Friday, June 25, 2010
My mother's HOME!
She had a follow up appt. with her surgeon and she asked if she could go home and he said yes! The last time she actually stepped foot into her own home was in February. Since then, she's been in Skilled Nursing Facilities....some of them not so skilled!
She has a long road ahead of her and my parents still need a lot of help, but her spirits are high and I believe that her good attitude will help her through.
It's been tough (and going to be tough) for me because I'll be spending half of my time with them. But I'll hang in there, too. It's so good to see her home.
Monday, June 14, 2010
It's been a while since I posted a blog, or even done real "sparkpeople" work. Yes, I've logged on most days. I read my emails. I play the trivia. Sometimes I huddle sometimes I don't. Is it surprising to me that I've gained a few pounds in the last few weeks.
I'm tempted to say it's because of the ongoing stress of my mother's recovery. Or to blame it on the end of the school year and the parties and celebrations that come with that. But, as all of you know, THERE'S ALWAYS SOMETHING.
So, as I ask myself what it is I really, really want I KNOW there are a couple of things.
1. I want to be at a healthier weight. I know that won't happen unless I work at it.
2. I want to be able to do the things I want to do when I'm older. Hiking, camping, playing with future grandkids, etc. One thing I've learned from my mom's injury is that if she had been stronger before she fell, her recovery may have been quicker. I don't know that for sure, but I can bet it's true.
So with that being said, I know that I need to do the work to make it happen. But, if I go whole hog today, I'll probably fail. So I'm going to work on 2 things this week....
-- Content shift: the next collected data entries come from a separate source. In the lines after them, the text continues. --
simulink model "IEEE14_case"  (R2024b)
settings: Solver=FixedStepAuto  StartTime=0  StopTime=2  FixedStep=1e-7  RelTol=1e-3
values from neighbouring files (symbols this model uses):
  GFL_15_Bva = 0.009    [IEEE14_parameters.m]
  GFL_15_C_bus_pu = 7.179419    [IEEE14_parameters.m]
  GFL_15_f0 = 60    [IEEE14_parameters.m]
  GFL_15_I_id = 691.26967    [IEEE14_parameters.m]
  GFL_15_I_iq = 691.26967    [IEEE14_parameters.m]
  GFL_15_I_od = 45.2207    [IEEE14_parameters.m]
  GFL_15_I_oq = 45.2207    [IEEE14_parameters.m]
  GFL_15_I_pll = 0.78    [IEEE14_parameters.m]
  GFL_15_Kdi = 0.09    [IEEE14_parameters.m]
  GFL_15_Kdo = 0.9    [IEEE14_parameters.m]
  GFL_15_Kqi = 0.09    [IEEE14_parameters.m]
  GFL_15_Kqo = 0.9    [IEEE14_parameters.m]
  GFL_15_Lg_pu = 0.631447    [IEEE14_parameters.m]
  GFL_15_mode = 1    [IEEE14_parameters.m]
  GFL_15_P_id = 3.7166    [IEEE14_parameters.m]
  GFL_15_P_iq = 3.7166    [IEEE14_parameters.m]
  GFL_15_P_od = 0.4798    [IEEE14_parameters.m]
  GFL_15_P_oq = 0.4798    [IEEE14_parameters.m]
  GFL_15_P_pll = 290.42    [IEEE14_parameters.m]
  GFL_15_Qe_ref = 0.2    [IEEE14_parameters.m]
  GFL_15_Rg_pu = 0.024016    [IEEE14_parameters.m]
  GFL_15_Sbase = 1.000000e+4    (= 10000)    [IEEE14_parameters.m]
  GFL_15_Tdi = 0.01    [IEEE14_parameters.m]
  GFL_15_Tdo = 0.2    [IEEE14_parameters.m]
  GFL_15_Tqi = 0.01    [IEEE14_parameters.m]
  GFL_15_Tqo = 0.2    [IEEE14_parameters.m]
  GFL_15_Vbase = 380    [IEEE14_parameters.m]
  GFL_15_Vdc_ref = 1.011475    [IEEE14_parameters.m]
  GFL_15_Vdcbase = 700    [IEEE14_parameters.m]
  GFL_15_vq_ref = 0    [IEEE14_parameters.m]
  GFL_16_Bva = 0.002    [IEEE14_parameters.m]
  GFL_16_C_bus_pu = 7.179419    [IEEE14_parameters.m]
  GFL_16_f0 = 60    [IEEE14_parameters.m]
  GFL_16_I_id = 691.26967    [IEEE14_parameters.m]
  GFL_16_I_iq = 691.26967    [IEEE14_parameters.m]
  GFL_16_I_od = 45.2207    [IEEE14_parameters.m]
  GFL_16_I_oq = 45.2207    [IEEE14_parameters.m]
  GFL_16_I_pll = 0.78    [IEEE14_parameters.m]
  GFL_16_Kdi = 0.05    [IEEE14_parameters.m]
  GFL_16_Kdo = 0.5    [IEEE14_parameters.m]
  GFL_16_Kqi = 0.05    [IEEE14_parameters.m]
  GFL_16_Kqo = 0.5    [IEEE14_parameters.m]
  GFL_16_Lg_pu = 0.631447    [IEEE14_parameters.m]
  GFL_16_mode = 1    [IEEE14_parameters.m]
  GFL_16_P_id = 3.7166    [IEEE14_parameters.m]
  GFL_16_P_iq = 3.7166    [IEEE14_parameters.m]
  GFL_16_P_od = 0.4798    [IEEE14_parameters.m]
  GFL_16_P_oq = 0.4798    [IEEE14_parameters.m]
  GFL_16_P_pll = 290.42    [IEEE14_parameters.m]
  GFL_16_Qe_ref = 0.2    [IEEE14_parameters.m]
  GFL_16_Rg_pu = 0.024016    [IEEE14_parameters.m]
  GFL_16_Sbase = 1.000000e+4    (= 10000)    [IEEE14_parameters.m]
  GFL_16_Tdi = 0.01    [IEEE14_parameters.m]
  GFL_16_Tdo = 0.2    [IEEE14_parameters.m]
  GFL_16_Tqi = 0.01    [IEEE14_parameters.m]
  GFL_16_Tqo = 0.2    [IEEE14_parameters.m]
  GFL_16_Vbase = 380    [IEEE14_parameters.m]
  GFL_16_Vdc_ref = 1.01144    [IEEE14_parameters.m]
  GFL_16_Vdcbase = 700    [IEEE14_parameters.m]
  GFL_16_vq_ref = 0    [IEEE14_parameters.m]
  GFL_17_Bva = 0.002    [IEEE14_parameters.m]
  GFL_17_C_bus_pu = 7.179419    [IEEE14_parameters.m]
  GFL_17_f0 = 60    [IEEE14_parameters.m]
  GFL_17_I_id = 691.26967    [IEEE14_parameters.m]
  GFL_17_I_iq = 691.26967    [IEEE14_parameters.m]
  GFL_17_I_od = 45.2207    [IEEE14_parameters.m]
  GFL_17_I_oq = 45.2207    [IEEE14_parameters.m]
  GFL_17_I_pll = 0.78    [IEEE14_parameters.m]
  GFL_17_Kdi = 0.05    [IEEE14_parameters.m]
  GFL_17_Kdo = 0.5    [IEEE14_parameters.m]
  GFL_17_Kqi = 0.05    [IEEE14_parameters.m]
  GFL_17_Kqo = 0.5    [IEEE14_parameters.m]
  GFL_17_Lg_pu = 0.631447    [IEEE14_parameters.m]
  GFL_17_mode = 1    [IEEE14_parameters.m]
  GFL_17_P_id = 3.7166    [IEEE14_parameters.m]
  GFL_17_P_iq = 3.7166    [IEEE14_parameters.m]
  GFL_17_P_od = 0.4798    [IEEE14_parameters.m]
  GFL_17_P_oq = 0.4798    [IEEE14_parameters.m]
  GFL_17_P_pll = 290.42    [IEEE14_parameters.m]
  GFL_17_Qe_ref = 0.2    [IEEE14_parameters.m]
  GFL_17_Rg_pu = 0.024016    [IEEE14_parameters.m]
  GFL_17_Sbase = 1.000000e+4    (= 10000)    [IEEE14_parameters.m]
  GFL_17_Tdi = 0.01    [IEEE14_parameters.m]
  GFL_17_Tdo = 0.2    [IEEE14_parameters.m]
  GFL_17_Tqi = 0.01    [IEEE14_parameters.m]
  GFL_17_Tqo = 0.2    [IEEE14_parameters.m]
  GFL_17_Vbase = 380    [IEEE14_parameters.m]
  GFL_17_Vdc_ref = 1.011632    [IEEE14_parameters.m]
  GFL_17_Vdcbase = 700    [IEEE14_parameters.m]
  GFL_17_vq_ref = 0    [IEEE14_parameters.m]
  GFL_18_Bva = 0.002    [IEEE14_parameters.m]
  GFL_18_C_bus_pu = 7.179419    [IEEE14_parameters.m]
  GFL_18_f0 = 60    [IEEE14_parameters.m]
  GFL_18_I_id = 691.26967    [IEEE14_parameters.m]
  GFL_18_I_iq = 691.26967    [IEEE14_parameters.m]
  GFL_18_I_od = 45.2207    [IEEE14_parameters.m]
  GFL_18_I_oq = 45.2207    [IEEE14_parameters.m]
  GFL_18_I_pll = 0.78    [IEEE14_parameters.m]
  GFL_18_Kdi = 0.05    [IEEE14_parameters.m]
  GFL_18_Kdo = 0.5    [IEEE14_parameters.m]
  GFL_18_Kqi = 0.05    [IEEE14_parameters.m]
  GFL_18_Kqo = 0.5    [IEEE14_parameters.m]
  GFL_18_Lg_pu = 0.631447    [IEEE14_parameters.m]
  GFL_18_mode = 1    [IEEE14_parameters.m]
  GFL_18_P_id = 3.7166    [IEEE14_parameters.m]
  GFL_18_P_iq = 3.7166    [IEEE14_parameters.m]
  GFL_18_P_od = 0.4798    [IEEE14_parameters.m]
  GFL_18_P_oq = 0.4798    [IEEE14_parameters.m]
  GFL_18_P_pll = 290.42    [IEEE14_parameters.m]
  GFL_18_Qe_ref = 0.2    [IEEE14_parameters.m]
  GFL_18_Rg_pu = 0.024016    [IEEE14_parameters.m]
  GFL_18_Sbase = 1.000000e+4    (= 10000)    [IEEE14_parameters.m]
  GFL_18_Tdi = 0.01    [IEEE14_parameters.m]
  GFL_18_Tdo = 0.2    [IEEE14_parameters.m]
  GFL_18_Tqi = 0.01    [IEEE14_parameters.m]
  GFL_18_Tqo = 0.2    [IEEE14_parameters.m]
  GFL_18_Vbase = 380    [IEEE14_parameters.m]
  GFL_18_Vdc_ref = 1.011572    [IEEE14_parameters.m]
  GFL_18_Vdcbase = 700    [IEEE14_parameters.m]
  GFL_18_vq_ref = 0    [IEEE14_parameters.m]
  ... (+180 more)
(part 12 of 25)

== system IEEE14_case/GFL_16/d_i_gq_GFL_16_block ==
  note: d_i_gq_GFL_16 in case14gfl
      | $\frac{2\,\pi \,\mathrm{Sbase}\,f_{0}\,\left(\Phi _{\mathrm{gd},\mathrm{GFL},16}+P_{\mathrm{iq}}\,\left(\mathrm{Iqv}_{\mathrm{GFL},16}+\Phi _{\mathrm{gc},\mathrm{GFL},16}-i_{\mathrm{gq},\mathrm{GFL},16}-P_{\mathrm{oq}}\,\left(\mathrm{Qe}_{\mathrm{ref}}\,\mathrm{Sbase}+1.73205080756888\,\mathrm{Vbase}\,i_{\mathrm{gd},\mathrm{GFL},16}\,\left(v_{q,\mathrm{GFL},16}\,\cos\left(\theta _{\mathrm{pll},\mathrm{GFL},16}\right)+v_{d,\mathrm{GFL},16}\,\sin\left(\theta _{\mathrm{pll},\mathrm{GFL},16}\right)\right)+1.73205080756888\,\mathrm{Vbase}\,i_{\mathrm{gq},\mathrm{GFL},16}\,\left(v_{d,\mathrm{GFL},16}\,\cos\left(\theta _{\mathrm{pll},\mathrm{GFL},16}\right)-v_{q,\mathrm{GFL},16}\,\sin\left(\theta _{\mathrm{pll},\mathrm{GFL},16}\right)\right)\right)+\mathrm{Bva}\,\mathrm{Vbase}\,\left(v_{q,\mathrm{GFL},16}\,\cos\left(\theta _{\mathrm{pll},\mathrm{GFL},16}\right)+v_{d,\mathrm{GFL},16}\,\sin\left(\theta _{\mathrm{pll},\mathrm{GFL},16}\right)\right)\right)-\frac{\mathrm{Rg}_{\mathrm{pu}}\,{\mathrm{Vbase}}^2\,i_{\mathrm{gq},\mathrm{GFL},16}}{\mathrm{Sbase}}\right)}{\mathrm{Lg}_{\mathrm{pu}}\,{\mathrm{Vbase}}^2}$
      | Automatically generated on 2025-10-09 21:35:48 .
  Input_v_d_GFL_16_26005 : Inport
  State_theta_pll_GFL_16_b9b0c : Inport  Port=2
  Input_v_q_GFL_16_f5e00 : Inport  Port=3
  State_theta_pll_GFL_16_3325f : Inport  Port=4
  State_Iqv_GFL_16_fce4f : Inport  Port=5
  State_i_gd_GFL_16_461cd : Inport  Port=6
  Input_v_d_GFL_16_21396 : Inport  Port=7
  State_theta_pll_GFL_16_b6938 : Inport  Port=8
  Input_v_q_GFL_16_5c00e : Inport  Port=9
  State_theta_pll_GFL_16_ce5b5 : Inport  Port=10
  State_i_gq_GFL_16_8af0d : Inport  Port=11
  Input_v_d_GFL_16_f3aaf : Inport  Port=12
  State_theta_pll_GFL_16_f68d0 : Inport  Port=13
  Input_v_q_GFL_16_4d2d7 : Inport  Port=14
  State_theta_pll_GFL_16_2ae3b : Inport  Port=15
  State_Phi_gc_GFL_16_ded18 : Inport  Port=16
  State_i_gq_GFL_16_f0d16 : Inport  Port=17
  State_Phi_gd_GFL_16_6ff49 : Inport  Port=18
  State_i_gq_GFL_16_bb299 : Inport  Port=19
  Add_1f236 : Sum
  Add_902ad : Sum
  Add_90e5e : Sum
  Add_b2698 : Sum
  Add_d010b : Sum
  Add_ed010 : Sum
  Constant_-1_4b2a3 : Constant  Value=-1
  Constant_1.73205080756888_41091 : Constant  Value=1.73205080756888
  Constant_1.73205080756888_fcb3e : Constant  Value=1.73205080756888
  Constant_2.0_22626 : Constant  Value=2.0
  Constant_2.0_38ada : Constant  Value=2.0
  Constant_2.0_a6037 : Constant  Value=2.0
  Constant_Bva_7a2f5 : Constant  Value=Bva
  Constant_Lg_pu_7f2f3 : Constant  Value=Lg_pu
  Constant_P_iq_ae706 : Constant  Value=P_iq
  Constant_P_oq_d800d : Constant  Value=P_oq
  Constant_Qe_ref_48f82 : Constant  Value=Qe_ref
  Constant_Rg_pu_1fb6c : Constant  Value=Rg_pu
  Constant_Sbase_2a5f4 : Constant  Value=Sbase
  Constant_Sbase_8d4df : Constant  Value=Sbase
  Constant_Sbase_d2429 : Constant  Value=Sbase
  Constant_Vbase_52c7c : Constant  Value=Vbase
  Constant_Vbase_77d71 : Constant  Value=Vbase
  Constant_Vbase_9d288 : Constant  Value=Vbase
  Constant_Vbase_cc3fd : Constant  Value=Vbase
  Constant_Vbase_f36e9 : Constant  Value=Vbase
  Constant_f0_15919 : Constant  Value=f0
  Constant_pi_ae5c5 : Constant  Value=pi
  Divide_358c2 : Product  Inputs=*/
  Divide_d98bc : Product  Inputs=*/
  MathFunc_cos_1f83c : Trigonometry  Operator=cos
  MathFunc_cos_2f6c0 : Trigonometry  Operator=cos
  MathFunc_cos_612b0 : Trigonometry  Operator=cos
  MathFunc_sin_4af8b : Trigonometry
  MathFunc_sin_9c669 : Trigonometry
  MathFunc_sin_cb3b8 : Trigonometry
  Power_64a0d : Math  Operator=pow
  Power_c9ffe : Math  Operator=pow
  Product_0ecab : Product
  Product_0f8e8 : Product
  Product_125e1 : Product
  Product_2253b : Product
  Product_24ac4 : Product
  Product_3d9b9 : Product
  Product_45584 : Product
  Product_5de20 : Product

1. Watch my portions (I already eat pretty healthfully...that's second nature to me now). I have my measuring spoons and my scale ready for action. I need to retrain my eyes.
2. I MUST incorporate some kind of strength training into my life. I have weights, I have that rubber thing you step on. I have dvds, fit tv on demand, and 2 sons that know something about weight lifting. I just need to learn what's right for me. I'll start off light and go from there.
It's funny, when I thought about writing this blog today I was preparing to go though the many excuses that I so often share. I can't do that anymore...not if I want to reach my goals.
Monday, May 10, 2010
So I went to the dr. for a blood pressure check and, in that department , I'm in control. But I've been having problems with my legs recently and don't really think it's restless leg syndrome. My dr. gave me a referral for a neurologist. That, I'm grateful for.
But, she also ordered blood work and a urinalysis. (mind you, I just had this done in February and everything looked really good.) But I got a call the other day that we need to do the test again. I guess they found some protein in the urine. (In Feb. it was fine) And, they want my blood test to be fasting. Am I finally facing a Type 2 Diabetes diagnosis? I can handle that, if it happens. But, what scares me is, do I already have neuropathy and kidney involvement? How can that be? I've never been diagnosed...but my dr. and I have watched this pretty carefully (because of my risk factors).
I suppose the only thing I can do is wait for the newer results. Looking on the internet is scary because of all the doom and gloom. I also wonder about the accuracy of the urine test because I was on my period at the time. Could that skew the results? Oh boy. Something more to worry about.